Sequence Address Data
1 3E 00,C0
2 3E C0,20,C0,20,C0,20,C0,41,C0,6D,C0,79,C0,20,C0,4C,C0,61,C0,6D,C0,01,C0,02,C0,20,C0,20,C0,20,C0,20

Without C0 character: 20,20,20,41,6D,79,20,4C,61,6D,01,02,20,20,20,20

   Amy Lam??

What I should have done instead was look at my other DAB radios at the same time, which give the same weird characters:

My Blighty portable DAB

IMG_20191208_172217.JPG

My Sonichi S100 In-Car DAB

IMG_20191208_175924.JPG

This means the fault is actually with the module, and it's a common fault, and correcting it would be very hard as it would need decoding of custom characters for every character that could be sent incorrectly.

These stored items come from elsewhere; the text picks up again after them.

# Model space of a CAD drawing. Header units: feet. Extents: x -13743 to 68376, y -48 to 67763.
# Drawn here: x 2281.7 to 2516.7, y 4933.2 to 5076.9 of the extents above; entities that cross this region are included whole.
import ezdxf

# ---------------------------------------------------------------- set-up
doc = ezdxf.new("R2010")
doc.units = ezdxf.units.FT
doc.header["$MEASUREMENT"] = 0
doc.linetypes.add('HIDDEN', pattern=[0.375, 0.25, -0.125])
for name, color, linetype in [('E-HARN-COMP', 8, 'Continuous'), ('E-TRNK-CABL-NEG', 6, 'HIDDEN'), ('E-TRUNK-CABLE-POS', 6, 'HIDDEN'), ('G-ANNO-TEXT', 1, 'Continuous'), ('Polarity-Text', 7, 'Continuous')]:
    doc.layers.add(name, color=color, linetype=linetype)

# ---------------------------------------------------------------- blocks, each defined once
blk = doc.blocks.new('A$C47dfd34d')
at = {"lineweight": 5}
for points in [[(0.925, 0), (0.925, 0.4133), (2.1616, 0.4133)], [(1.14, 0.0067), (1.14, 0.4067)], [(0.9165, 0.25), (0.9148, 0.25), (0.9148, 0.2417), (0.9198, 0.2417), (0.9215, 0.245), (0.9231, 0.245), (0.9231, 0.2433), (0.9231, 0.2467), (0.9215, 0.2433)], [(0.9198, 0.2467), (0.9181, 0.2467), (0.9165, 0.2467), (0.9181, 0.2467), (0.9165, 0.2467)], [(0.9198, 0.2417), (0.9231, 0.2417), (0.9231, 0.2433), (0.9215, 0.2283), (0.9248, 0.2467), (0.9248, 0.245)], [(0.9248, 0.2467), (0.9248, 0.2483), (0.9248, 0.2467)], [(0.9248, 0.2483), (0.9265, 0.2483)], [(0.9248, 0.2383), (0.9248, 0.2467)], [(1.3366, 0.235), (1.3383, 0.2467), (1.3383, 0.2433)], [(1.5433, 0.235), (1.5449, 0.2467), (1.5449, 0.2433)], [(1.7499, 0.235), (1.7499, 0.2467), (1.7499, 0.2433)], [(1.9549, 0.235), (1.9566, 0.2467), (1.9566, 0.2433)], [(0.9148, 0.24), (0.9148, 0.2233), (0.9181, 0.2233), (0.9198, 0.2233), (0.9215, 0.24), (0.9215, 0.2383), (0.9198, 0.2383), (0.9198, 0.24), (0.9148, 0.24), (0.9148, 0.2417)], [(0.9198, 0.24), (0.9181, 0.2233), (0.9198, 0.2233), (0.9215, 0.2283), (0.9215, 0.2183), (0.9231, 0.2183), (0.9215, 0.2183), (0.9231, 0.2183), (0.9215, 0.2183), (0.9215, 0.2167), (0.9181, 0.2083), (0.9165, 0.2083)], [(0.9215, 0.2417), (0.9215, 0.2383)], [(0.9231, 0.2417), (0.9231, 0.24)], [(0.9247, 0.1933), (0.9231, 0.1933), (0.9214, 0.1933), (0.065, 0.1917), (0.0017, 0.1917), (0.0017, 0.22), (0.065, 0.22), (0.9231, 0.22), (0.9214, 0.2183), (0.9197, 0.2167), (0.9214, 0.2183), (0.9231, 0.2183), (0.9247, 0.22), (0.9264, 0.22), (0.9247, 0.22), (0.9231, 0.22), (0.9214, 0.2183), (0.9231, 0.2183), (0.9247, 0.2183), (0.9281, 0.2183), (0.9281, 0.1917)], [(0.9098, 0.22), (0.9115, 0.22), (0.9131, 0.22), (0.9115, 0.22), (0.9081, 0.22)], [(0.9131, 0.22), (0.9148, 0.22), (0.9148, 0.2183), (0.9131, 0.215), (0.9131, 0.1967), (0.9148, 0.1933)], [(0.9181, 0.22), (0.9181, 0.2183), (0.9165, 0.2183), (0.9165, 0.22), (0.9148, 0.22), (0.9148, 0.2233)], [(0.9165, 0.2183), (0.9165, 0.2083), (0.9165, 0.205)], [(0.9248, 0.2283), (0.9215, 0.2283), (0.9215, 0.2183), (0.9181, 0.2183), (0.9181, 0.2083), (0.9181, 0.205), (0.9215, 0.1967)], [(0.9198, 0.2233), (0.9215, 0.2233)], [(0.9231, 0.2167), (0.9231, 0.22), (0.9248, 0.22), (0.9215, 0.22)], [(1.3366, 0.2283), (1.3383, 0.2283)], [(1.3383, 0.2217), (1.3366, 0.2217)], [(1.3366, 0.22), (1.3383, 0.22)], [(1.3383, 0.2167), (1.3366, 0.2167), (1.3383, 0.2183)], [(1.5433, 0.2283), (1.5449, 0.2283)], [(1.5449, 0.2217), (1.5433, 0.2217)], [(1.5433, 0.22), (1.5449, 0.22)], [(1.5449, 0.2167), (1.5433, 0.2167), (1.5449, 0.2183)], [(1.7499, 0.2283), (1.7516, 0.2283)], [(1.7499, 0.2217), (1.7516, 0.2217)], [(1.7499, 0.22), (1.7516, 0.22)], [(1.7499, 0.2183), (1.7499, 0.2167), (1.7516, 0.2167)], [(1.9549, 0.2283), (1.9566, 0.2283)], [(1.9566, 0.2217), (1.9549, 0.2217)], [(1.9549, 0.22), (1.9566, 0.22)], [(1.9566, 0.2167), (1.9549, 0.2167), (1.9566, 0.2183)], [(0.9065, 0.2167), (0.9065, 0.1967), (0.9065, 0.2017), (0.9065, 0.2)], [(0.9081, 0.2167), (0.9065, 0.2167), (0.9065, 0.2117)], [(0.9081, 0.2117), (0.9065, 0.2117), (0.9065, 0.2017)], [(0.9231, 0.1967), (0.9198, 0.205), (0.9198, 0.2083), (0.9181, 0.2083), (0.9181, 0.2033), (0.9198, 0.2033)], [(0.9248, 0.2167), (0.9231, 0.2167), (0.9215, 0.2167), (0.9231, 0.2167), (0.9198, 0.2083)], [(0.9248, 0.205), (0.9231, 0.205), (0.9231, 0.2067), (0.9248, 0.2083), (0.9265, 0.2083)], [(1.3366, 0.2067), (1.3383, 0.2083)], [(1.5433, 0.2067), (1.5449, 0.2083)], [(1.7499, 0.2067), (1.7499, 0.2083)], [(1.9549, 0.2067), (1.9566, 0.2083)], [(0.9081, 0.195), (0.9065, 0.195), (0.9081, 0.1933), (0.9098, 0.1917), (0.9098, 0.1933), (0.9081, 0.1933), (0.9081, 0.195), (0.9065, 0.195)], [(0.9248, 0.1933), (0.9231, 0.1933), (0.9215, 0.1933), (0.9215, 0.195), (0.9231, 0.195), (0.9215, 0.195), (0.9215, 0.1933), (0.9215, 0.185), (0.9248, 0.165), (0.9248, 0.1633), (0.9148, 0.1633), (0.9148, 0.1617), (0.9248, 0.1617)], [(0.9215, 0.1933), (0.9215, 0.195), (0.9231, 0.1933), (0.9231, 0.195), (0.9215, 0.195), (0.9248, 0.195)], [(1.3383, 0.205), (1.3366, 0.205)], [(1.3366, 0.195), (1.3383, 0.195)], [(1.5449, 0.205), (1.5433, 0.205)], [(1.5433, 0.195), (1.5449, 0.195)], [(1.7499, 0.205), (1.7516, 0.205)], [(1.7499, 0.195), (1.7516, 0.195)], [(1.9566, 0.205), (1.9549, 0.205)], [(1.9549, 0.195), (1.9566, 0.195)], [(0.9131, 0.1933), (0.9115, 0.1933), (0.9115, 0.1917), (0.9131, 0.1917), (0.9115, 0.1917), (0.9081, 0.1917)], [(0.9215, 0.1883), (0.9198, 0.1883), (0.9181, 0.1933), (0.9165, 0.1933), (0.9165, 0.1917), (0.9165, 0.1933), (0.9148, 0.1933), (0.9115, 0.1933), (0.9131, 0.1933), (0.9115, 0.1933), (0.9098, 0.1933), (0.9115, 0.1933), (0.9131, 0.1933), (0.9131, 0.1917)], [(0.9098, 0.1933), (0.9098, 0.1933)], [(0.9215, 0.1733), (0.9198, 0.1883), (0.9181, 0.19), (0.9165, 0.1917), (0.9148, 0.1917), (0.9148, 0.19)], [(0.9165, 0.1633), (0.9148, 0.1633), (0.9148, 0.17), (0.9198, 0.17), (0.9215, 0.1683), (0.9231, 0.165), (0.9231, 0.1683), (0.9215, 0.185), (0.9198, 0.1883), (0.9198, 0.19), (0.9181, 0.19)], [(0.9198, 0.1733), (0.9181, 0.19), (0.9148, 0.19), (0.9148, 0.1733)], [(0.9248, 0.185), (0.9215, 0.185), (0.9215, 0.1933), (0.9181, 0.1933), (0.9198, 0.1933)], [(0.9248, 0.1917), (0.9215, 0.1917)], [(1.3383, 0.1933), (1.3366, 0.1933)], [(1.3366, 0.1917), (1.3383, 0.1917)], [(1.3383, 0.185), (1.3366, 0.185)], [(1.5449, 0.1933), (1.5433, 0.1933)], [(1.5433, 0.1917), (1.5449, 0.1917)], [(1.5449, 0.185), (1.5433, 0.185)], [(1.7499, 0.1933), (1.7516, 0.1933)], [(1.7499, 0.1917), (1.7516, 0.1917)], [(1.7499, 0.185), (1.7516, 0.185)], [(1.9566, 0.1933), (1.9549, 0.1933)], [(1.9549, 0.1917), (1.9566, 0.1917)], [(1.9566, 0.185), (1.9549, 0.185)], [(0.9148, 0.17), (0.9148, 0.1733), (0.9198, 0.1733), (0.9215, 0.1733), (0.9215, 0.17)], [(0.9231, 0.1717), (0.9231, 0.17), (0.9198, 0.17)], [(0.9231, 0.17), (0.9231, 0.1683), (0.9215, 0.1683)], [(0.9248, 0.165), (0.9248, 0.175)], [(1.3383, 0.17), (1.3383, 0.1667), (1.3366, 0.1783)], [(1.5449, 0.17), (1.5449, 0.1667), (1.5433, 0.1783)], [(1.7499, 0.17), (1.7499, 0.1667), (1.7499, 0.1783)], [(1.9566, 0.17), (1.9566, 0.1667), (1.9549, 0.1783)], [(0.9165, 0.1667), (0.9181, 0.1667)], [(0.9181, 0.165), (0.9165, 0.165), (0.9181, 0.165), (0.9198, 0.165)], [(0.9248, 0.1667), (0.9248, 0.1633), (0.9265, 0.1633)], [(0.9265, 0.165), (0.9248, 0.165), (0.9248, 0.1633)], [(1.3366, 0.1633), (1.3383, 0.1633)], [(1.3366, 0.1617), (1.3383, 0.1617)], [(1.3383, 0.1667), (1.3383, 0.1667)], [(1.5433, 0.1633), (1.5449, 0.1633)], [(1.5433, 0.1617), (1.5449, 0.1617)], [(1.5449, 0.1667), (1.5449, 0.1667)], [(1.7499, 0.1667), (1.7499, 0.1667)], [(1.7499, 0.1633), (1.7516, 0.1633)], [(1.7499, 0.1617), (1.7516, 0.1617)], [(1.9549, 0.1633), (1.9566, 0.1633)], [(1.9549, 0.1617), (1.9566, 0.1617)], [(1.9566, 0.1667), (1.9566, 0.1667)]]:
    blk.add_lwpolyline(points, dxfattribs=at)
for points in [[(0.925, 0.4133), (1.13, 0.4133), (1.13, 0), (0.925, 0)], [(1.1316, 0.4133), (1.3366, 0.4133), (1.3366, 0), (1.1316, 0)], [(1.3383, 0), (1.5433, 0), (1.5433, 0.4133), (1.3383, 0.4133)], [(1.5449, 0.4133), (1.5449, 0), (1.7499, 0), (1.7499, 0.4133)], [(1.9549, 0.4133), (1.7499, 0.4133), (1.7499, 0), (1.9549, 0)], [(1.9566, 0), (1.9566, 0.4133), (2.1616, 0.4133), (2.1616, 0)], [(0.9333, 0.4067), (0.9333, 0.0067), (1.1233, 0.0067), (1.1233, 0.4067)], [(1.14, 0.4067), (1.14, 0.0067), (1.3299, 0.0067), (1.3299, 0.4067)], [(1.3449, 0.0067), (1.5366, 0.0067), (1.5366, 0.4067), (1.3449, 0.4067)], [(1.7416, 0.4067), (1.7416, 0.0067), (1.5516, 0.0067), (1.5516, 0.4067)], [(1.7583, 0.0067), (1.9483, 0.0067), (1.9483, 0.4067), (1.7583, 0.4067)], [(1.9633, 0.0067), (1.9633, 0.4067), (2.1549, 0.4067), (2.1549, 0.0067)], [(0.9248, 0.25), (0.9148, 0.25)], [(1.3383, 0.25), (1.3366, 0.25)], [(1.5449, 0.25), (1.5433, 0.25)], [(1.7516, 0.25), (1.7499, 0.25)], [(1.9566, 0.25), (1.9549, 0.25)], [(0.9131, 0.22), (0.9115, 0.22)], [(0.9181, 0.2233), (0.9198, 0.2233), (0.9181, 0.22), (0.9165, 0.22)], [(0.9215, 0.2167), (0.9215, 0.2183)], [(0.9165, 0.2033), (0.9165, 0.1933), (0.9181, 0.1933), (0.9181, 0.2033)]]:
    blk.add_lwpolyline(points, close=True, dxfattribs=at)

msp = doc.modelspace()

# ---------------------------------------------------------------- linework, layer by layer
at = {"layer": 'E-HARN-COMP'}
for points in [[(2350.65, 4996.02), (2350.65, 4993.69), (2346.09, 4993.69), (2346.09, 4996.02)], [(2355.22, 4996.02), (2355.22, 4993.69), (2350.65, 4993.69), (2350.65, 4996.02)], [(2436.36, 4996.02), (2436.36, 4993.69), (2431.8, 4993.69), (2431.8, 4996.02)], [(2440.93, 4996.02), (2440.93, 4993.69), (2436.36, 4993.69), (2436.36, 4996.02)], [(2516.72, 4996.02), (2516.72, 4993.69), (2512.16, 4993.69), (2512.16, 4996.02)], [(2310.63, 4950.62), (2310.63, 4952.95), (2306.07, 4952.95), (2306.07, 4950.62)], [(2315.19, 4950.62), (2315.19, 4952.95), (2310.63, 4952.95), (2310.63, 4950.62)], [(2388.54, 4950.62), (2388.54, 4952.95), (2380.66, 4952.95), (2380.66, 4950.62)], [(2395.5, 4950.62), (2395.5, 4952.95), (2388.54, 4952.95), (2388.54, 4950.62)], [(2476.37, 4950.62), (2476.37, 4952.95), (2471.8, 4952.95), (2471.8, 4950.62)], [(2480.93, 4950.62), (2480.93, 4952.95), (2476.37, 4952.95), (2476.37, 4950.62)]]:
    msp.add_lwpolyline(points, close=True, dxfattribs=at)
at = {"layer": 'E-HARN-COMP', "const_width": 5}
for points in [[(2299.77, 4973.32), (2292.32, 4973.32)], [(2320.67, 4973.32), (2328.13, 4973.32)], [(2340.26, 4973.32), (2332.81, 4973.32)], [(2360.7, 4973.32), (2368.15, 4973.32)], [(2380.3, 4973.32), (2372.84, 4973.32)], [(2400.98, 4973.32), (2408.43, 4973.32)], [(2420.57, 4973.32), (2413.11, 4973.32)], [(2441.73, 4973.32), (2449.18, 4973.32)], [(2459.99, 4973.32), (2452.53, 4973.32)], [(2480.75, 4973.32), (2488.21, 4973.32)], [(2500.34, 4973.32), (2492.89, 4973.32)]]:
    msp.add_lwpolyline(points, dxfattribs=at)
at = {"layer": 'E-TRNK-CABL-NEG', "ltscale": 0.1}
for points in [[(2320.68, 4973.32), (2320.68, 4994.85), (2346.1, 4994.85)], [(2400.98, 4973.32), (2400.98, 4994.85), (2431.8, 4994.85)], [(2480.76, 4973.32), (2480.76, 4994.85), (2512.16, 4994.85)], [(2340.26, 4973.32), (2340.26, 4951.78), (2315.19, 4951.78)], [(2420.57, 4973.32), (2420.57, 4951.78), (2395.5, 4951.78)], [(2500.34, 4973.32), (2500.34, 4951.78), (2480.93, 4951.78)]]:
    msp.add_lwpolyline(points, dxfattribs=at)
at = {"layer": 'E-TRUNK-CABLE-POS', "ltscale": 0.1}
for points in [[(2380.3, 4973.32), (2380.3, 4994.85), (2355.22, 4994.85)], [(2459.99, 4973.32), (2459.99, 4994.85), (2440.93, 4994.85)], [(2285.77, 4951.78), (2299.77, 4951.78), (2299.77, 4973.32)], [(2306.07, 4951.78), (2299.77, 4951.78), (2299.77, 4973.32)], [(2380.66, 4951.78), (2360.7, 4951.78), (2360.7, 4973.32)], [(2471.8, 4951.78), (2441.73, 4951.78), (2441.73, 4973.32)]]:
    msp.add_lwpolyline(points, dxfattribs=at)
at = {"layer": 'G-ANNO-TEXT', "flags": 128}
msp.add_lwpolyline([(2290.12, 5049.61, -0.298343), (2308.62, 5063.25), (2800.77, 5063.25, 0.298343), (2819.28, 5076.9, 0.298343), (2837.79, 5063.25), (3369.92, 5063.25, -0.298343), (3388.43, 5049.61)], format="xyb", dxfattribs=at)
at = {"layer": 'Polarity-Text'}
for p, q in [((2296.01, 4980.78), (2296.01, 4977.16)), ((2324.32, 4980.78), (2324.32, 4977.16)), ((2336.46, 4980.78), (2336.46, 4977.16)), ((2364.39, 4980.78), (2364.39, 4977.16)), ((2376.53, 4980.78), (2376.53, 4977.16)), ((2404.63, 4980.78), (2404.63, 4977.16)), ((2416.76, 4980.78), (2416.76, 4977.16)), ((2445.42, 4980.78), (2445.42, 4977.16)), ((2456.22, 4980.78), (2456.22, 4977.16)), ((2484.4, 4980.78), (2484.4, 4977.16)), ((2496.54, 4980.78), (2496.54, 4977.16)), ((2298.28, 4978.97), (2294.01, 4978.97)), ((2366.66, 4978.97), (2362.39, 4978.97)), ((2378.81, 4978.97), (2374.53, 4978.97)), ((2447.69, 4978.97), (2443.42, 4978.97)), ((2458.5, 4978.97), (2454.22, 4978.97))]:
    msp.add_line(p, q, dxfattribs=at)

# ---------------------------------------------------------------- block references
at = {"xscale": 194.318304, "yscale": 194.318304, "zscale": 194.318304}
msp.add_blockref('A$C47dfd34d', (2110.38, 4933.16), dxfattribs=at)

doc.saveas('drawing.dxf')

On further searches, I came across this link https://worlddabeureka.org/2015/08/03/issue-26-new-latin-based-character-set-for-dab/

It indicates that in 2015 a character set change was to be made and that existing equipment would need updating. This looks a plausible reason.

Very few DAB radios have firmware updates. Certainly not this Bush one my module came from, and nor my car or portable radio.

I guess I'm stuck with this one, but it is only a minor problem - 99% of the time the text is fine.

Update: Problem seems to have gone away sometime in 2021 I think. Maybe the BBC changed something.